Dataset entries:

********

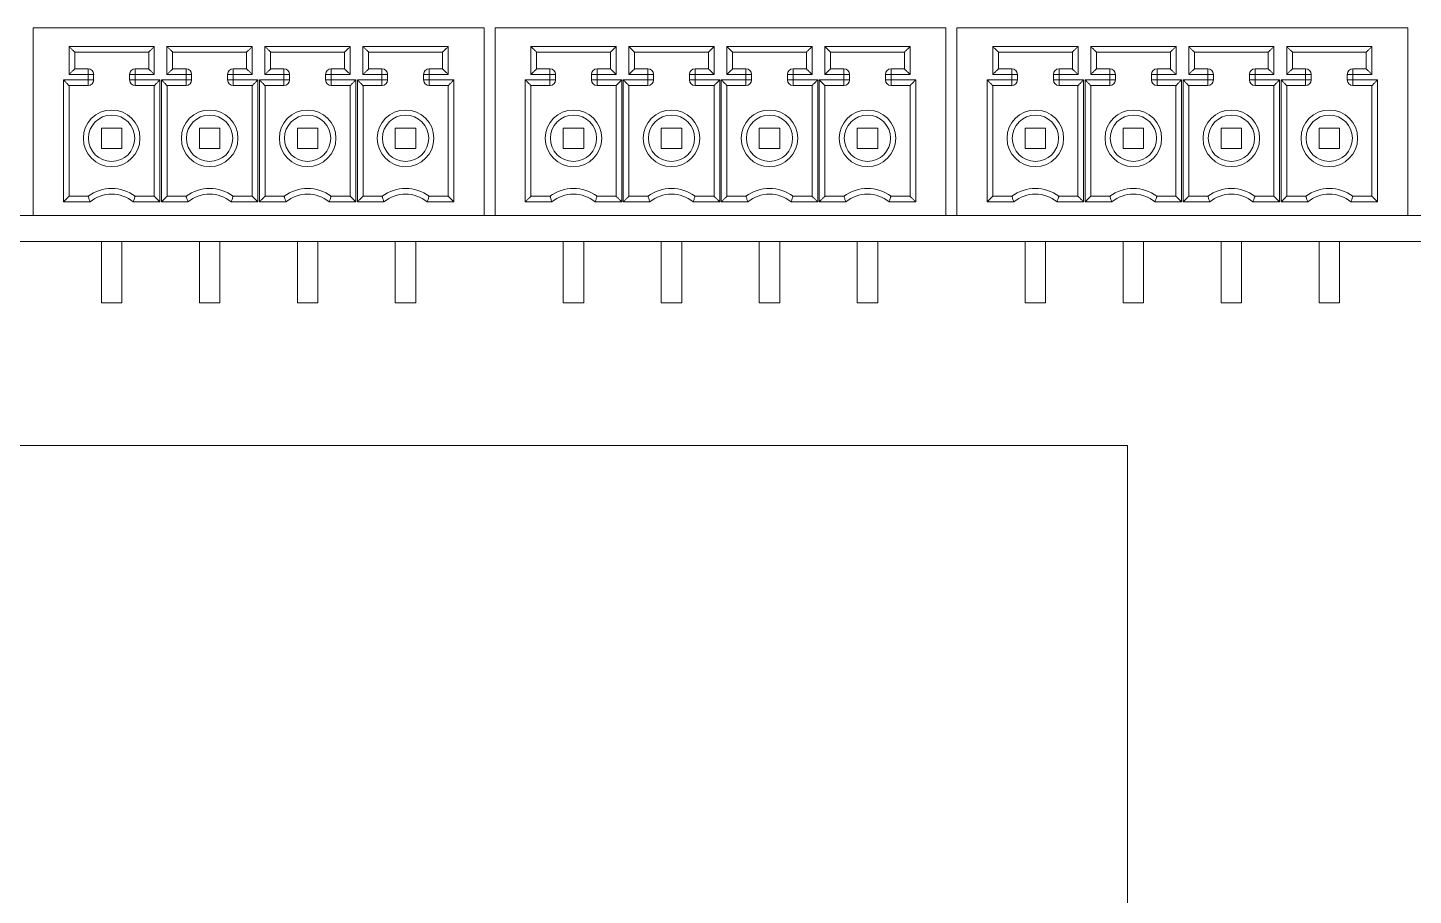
# Model space of a CAD drawing. Header units: millimetres. Extents: x 29 to 3003, y -283 to 1331.
# Drawn here: x 1803.4 to 1856.7, y 1258.7 to 1292.1 of the extents above; entities that cross this region are included whole.
import ezdxf

# ---------------------------------------------------------------- set-up
doc = ezdxf.new("R2010")
doc.units = ezdxf.units.MM
doc.layers.get('0').update_dxf_attribs({"lineweight": 9})

msp = doc.modelspace()

# ---------------------------------------------------------------- linework, layer by layer
at = {"color": 7, "linetype": 'Continuous'}
for p, q in [((1803.591, 1284.833), (1803.591, 1292.06)), ((1820.946, 1292.06), (1803.591, 1292.06)), ((1820.946, 1284.833), (1820.946, 1292.06)), ((1821.371, 1284.833), (1821.371, 1292.06)), ((1838.726, 1292.06), (1821.371, 1292.06)), ((1838.726, 1284.833), (1838.726, 1292.06)), ((1839.151, 1284.833), (1839.151, 1292.06)), ((1856.506, 1292.06), (1839.151, 1292.06)), ((1856.506, 1284.833), (1856.506, 1292.06)), ((1804.969, 1290.258), (1804.969, 1291.337)), ((1804.969, 1291.337), (1808.252, 1291.337)), ((1805.186, 1290.476), (1805.186, 1291.12)), ((1805.186, 1291.12), (1808.035, 1291.12)), ((1808.035, 1291.12), (1808.035, 1290.476)), ((1808.252, 1291.337), (1808.252, 1290.258)), ((1808.74, 1290.258), (1808.74, 1291.337)), ((1808.74, 1291.337), (1812.024, 1291.337)), ((1808.958, 1290.476), (1808.958, 1291.12)), ((1808.958, 1291.12), (1811.806, 1291.12)), ((1811.806, 1291.12), (1811.806, 1290.476)), ((1812.024, 1291.337), (1812.024, 1290.258)), ((1812.512, 1290.258), (1812.512, 1291.337)), ((1812.512, 1291.337), (1815.796, 1291.337)), ((1812.73, 1290.476), (1812.73, 1291.12)), ((1812.73, 1291.12), (1815.578, 1291.12)), ((1815.578, 1291.12), (1815.578, 1290.476)), ((1815.796, 1291.337), (1815.796, 1290.258)), ((1816.284, 1290.258), (1816.284, 1291.337)), ((1816.284, 1291.337), (1819.568, 1291.337)), ((1816.502, 1290.476), (1816.502, 1291.12)), ((1816.502, 1291.12), (1819.35, 1291.12)), ((1819.35, 1291.12), (1819.35, 1290.476)), ((1819.568, 1291.337), (1819.568, 1290.258)), ((1822.749, 1290.258), (1822.749, 1291.337)), ((1822.749, 1291.337), (1826.032, 1291.337)), ((1822.966, 1290.476), (1822.966, 1291.12)), ((1822.966, 1291.12), (1825.815, 1291.12)), ((1825.815, 1291.12), (1825.815, 1290.476)), ((1826.032, 1291.337), (1826.032, 1290.258)), ((1826.52, 1290.258), (1826.52, 1291.337)), ((1826.52, 1291.337), (1829.804, 1291.337)), ((1826.738, 1290.476), (1826.738, 1291.12)), ((1826.738, 1291.12), (1829.586, 1291.12)), ((1829.586, 1291.12), (1829.586, 1290.476)), ((1829.804, 1291.337), (1829.804, 1290.258)), ((1830.292, 1290.258), (1830.292, 1291.337)), ((1830.292, 1291.337), (1833.576, 1291.337)), ((1830.51, 1290.476), (1830.51, 1291.12)), ((1830.51, 1291.12), (1833.358, 1291.12)), ((1833.358, 1291.12), (1833.358, 1290.476)), ((1833.576, 1291.337), (1833.576, 1290.258)), ((1834.064, 1290.258), (1834.064, 1291.337)), ((1834.064, 1291.337), (1837.348, 1291.337)), ((1834.282, 1290.476), (1834.282, 1291.12)), ((1834.282, 1291.12), (1837.13, 1291.12)), ((1837.13, 1291.12), (1837.13, 1290.476)), ((1837.348, 1291.337), (1837.348, 1290.258)), ((1840.529, 1290.258), (1840.529, 1291.337)), ((1840.529, 1291.337), (1843.812, 1291.337)), ((1840.746, 1290.476), (1840.746, 1291.12)), ((1840.746, 1291.12), (1843.595, 1291.12)), ((1843.595, 1291.12), (1843.595, 1290.476)), ((1843.812, 1291.337), (1843.812, 1290.258)), ((1844.3, 1290.258), (1844.3, 1291.337)), ((1844.3, 1291.337), (1847.584, 1291.337)), ((1844.518, 1290.476), (1844.518, 1291.12)), ((1844.518, 1291.12), (1847.366, 1291.12)), ((1847.366, 1291.12), (1847.366, 1290.476)), ((1847.584, 1291.337), (1847.584, 1290.258)), ((1848.072, 1290.258), (1848.072, 1291.337)), ((1848.072, 1291.337), (1851.356, 1291.337)), ((1848.29, 1290.476), (1848.29, 1291.12)), ((1848.29, 1291.12), (1851.138, 1291.12)), ((1851.138, 1291.12), (1851.138, 1290.476)), ((1851.356, 1291.337), (1851.356, 1290.258)), ((1851.844, 1290.258), (1851.844, 1291.337)), ((1851.844, 1291.337), (1855.128, 1291.337)), ((1852.062, 1290.476), (1852.062, 1291.12)), ((1852.062, 1291.12), (1854.91, 1291.12)), ((1854.91, 1291.12), (1854.91, 1290.476)), ((1855.128, 1291.337), (1855.128, 1290.258)), ((1805.7, 1290.476), (1805.186, 1290.476)), ((1805.7, 1289.833), (1805.7, 1290.476)), ((1807.521, 1290.476), (1807.521, 1289.833)), ((1808.035, 1290.476), (1807.521, 1290.476)), ((1809.472, 1290.476), (1808.958, 1290.476)), ((1809.472, 1289.833), (1809.472, 1290.476)), ((1811.293, 1290.476), (1811.293, 1289.833)), ((1811.806, 1290.476), (1811.293, 1290.476)), ((1813.243, 1290.476), (1812.73, 1290.476)), ((1813.243, 1289.833), (1813.243, 1290.476)), ((1815.065, 1290.476), (1815.065, 1289.833)), ((1815.578, 1290.476), (1815.065, 1290.476)), ((1817.015, 1290.476), (1816.502, 1290.476)), ((1817.015, 1289.833), (1817.015, 1290.476)), ((1819.35, 1290.476), (1818.837, 1290.476)), ((1818.837, 1290.476), (1818.837, 1289.833)), ((1823.48, 1290.476), (1822.966, 1290.476)), ((1823.48, 1289.833), (1823.48, 1290.476)), ((1825.301, 1290.476), (1825.301, 1289.833)), ((1825.815, 1290.476), (1825.301, 1290.476)), ((1827.252, 1290.476), (1826.738, 1290.476)), ((1827.252, 1289.833), (1827.252, 1290.476)), ((1829.073, 1290.476), (1829.073, 1289.833)), ((1829.586, 1290.476), (1829.073, 1290.476)), ((1831.023, 1290.476), (1830.51, 1290.476)), ((1831.023, 1289.833), (1831.023, 1290.476)), ((1832.845, 1290.476), (1832.845, 1289.833)), ((1833.358, 1290.476), (1832.845, 1290.476)), ((1834.795, 1290.476), (1834.282, 1290.476)), ((1834.795, 1289.833), (1834.795, 1290.476)), ((1837.13, 1290.476), (1836.617, 1290.476)), ((1836.617, 1290.476), (1836.617, 1289.833)), ((1841.26, 1290.476), (1840.746, 1290.476)), ((1841.26, 1289.833), (1841.26, 1290.476)), ((1843.081, 1290.476), (1843.081, 1289.833)), ((1843.595, 1290.476), (1843.081, 1290.476)), ((1845.032, 1290.476), (1844.518, 1290.476)), ((1845.032, 1289.833), (1845.032, 1290.476)), ((1846.853, 1290.476), (1846.853, 1289.833)), ((1847.366, 1290.476), (1846.853, 1290.476)), ((1848.803, 1290.476), (1848.29, 1290.476)), ((1848.803, 1289.833), (1848.803, 1290.476)), ((1850.625, 1290.476), (1850.625, 1289.833)), ((1851.138, 1290.476), (1850.625, 1290.476)), ((1852.575, 1290.476), (1852.062, 1290.476)), ((1852.575, 1289.833), (1852.575, 1290.476)), ((1854.91, 1290.476), (1854.397, 1290.476)), ((1854.397, 1290.476), (1854.397, 1289.833)), ((1804.754, 1285.358), (1804.754, 1290.05)), ((1804.754, 1290.05), (1805.917, 1290.05)), ((1805.917, 1290.258), (1804.969, 1290.258)), ((1804.972, 1285.576), (1804.972, 1289.833)), ((1804.972, 1289.833), (1805.7, 1289.833)), ((1805.917, 1290.05), (1805.917, 1290.258)), ((1807.303, 1290.258), (1807.303, 1290.05)), ((1808.252, 1290.258), (1807.303, 1290.258)), ((1807.303, 1290.05), (1808.467, 1290.05)), ((1807.521, 1289.833), (1808.249, 1289.833)), ((1808.249, 1289.833), (1808.249, 1285.576)), ((1808.467, 1290.05), (1808.467, 1285.358)), ((1808.526, 1285.358), (1808.526, 1290.05)), ((1808.526, 1290.05), (1809.689, 1290.05)), ((1809.689, 1290.258), (1808.74, 1290.258)), ((1808.744, 1285.576), (1808.744, 1289.833)), ((1808.744, 1289.833), (1809.472, 1289.833)), ((1809.689, 1290.05), (1809.689, 1290.258)), ((1811.075, 1290.258), (1811.075, 1290.05)), ((1812.024, 1290.258), (1811.075, 1290.258)), ((1811.075, 1290.05), (1812.239, 1290.05)), ((1811.293, 1289.833), (1812.021, 1289.833)), ((1812.021, 1289.833), (1812.021, 1285.576)), ((1812.239, 1290.05), (1812.239, 1285.358)), ((1812.298, 1285.358), (1812.298, 1290.05)), ((1812.298, 1290.05), (1813.461, 1290.05)), ((1813.461, 1290.258), (1812.512, 1290.258)), ((1812.516, 1285.576), (1812.516, 1289.833)), ((1812.516, 1289.833), (1813.243, 1289.833)), ((1813.461, 1290.05), (1813.461, 1290.258)), ((1814.847, 1290.258), (1814.847, 1290.05)), ((1815.796, 1290.258), (1814.847, 1290.258)), ((1814.847, 1290.05), (1816.011, 1290.05)), ((1815.065, 1289.833), (1815.793, 1289.833)), ((1815.793, 1289.833), (1815.793, 1285.576)), ((1816.011, 1290.05), (1816.011, 1285.358)), ((1816.07, 1290.05), (1817.233, 1290.05)), ((1816.07, 1285.358), (1816.07, 1290.05)), ((1817.233, 1290.258), (1816.284, 1290.258)), ((1816.288, 1289.833), (1817.015, 1289.833)), ((1816.288, 1285.576), (1816.288, 1289.833)), ((1817.233, 1290.05), (1817.233, 1290.258)), ((1819.568, 1290.258), (1818.619, 1290.258)), ((1818.619, 1290.258), (1818.619, 1290.05)), ((1818.619, 1290.05), (1819.782, 1290.05)), ((1818.837, 1289.833), (1819.565, 1289.833)), ((1819.565, 1289.833), (1819.565, 1285.576)), ((1819.782, 1290.05), (1819.782, 1285.358)), ((1822.534, 1285.358), (1822.534, 1290.05)), ((1822.534, 1290.05), (1823.697, 1290.05)), ((1823.697, 1290.258), (1822.749, 1290.258)), ((1822.752, 1285.576), (1822.752, 1289.833)), ((1822.752, 1289.833), (1823.48, 1289.833)), ((1823.697, 1290.05), (1823.697, 1290.258)), ((1825.083, 1290.258), (1825.083, 1290.05)), ((1826.032, 1290.258), (1825.083, 1290.258)), ((1825.083, 1290.05), (1826.247, 1290.05)), ((1825.301, 1289.833), (1826.029, 1289.833)), ((1826.029, 1289.833), (1826.029, 1285.576)), ((1826.247, 1290.05), (1826.247, 1285.358)), ((1826.306, 1285.358), (1826.306, 1290.05)), ((1826.306, 1290.05), (1827.469, 1290.05)), ((1827.469, 1290.258), (1826.52, 1290.258)), ((1826.524, 1285.576), (1826.524, 1289.833)), ((1826.524, 1289.833), (1827.252, 1289.833)), ((1827.469, 1290.05), (1827.469, 1290.258)), ((1828.855, 1290.258), (1828.855, 1290.05)), ((1829.804, 1290.258), (1828.855, 1290.258)), ((1828.855, 1290.05), (1830.019, 1290.05)), ((1829.073, 1289.833), (1829.801, 1289.833)), ((1829.801, 1289.833), (1829.801, 1285.576)), ((1830.019, 1290.05), (1830.019, 1285.358)), ((1830.078, 1285.358), (1830.078, 1290.05)), ((1830.078, 1290.05), (1831.241, 1290.05)), ((1831.241, 1290.258), (1830.292, 1290.258)), ((1830.296, 1285.576), (1830.296, 1289.833)), ((1830.296, 1289.833), (1831.023, 1289.833)), ((1831.241, 1290.05), (1831.241, 1290.258)), ((1832.627, 1290.258), (1832.627, 1290.05)), ((1833.576, 1290.258), (1832.627, 1290.258)), ((1832.627, 1290.05), (1833.791, 1290.05)), ((1832.845, 1289.833), (1833.573, 1289.833)), ((1833.573, 1289.833), (1833.573, 1285.576)), ((1833.791, 1290.05), (1833.791, 1285.358)), ((1833.85, 1290.05), (1835.013, 1290.05)), ((1833.85, 1285.358), (1833.85, 1290.05)), ((1835.013, 1290.258), (1834.064, 1290.258)), ((1834.068, 1289.833), (1834.795, 1289.833)), ((1834.068, 1285.576), (1834.068, 1289.833)), ((1835.013, 1290.05), (1835.013, 1290.258)), ((1837.348, 1290.258), (1836.399, 1290.258)), ((1836.399, 1290.258), (1836.399, 1290.05)), ((1836.399, 1290.05), (1837.562, 1290.05)), ((1836.617, 1289.833), (1837.345, 1289.833)), ((1837.345, 1289.833), (1837.345, 1285.576)), ((1837.562, 1290.05), (1837.562, 1285.358)), ((1840.314, 1285.358), (1840.314, 1290.05)), ((1840.314, 1290.05), (1841.477, 1290.05)), ((1841.477, 1290.258), (1840.529, 1290.258)), ((1840.532, 1285.576), (1840.532, 1289.833)), ((1840.532, 1289.833), (1841.26, 1289.833)), ((1841.477, 1290.05), (1841.477, 1290.258)), ((1842.863, 1290.258), (1842.863, 1290.05)), ((1843.812, 1290.258), (1842.863, 1290.258)), ((1842.863, 1290.05), (1844.027, 1290.05)), ((1843.081, 1289.833), (1843.809, 1289.833)), ((1843.809, 1289.833), (1843.809, 1285.576)), ((1844.027, 1290.05), (1844.027, 1285.358)), ((1844.086, 1285.358), (1844.086, 1290.05)), ((1844.086, 1290.05), (1845.249, 1290.05)), ((1845.249, 1290.258), (1844.3, 1290.258)), ((1844.304, 1285.576), (1844.304, 1289.833)), ((1844.304, 1289.833), (1845.032, 1289.833)), ((1845.249, 1290.05), (1845.249, 1290.258)), ((1846.635, 1290.258), (1846.635, 1290.05)), ((1847.584, 1290.258), (1846.635, 1290.258)), ((1846.635, 1290.05), (1847.799, 1290.05)), ((1846.853, 1289.833), (1847.581, 1289.833)), ((1847.581, 1289.833), (1847.581, 1285.576)), ((1847.799, 1290.05), (1847.799, 1285.358)), ((1847.858, 1285.358), (1847.858, 1290.05)), ((1847.858, 1290.05), (1849.021, 1290.05)), ((1849.021, 1290.258), (1848.072, 1290.258)), ((1848.076, 1285.576), (1848.076, 1289.833)), ((1848.076, 1289.833), (1848.803, 1289.833)), ((1849.021, 1290.05), (1849.021, 1290.258)), ((1850.407, 1290.258), (1850.407, 1290.05)), ((1851.356, 1290.258), (1850.407, 1290.258)), ((1850.407, 1290.05), (1851.571, 1290.05)), ((1850.625, 1289.833), (1851.353, 1289.833)), ((1851.353, 1289.833), (1851.353, 1285.576)), ((1851.571, 1290.05), (1851.571, 1285.358)), ((1851.63, 1290.05), (1852.793, 1290.05)), ((1851.63, 1285.358), (1851.63, 1290.05)), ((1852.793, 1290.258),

********

Problem to solve - Write down how many lines of the data above carry the word "units". Nothing else belongs in the answer.

Result of this task - 2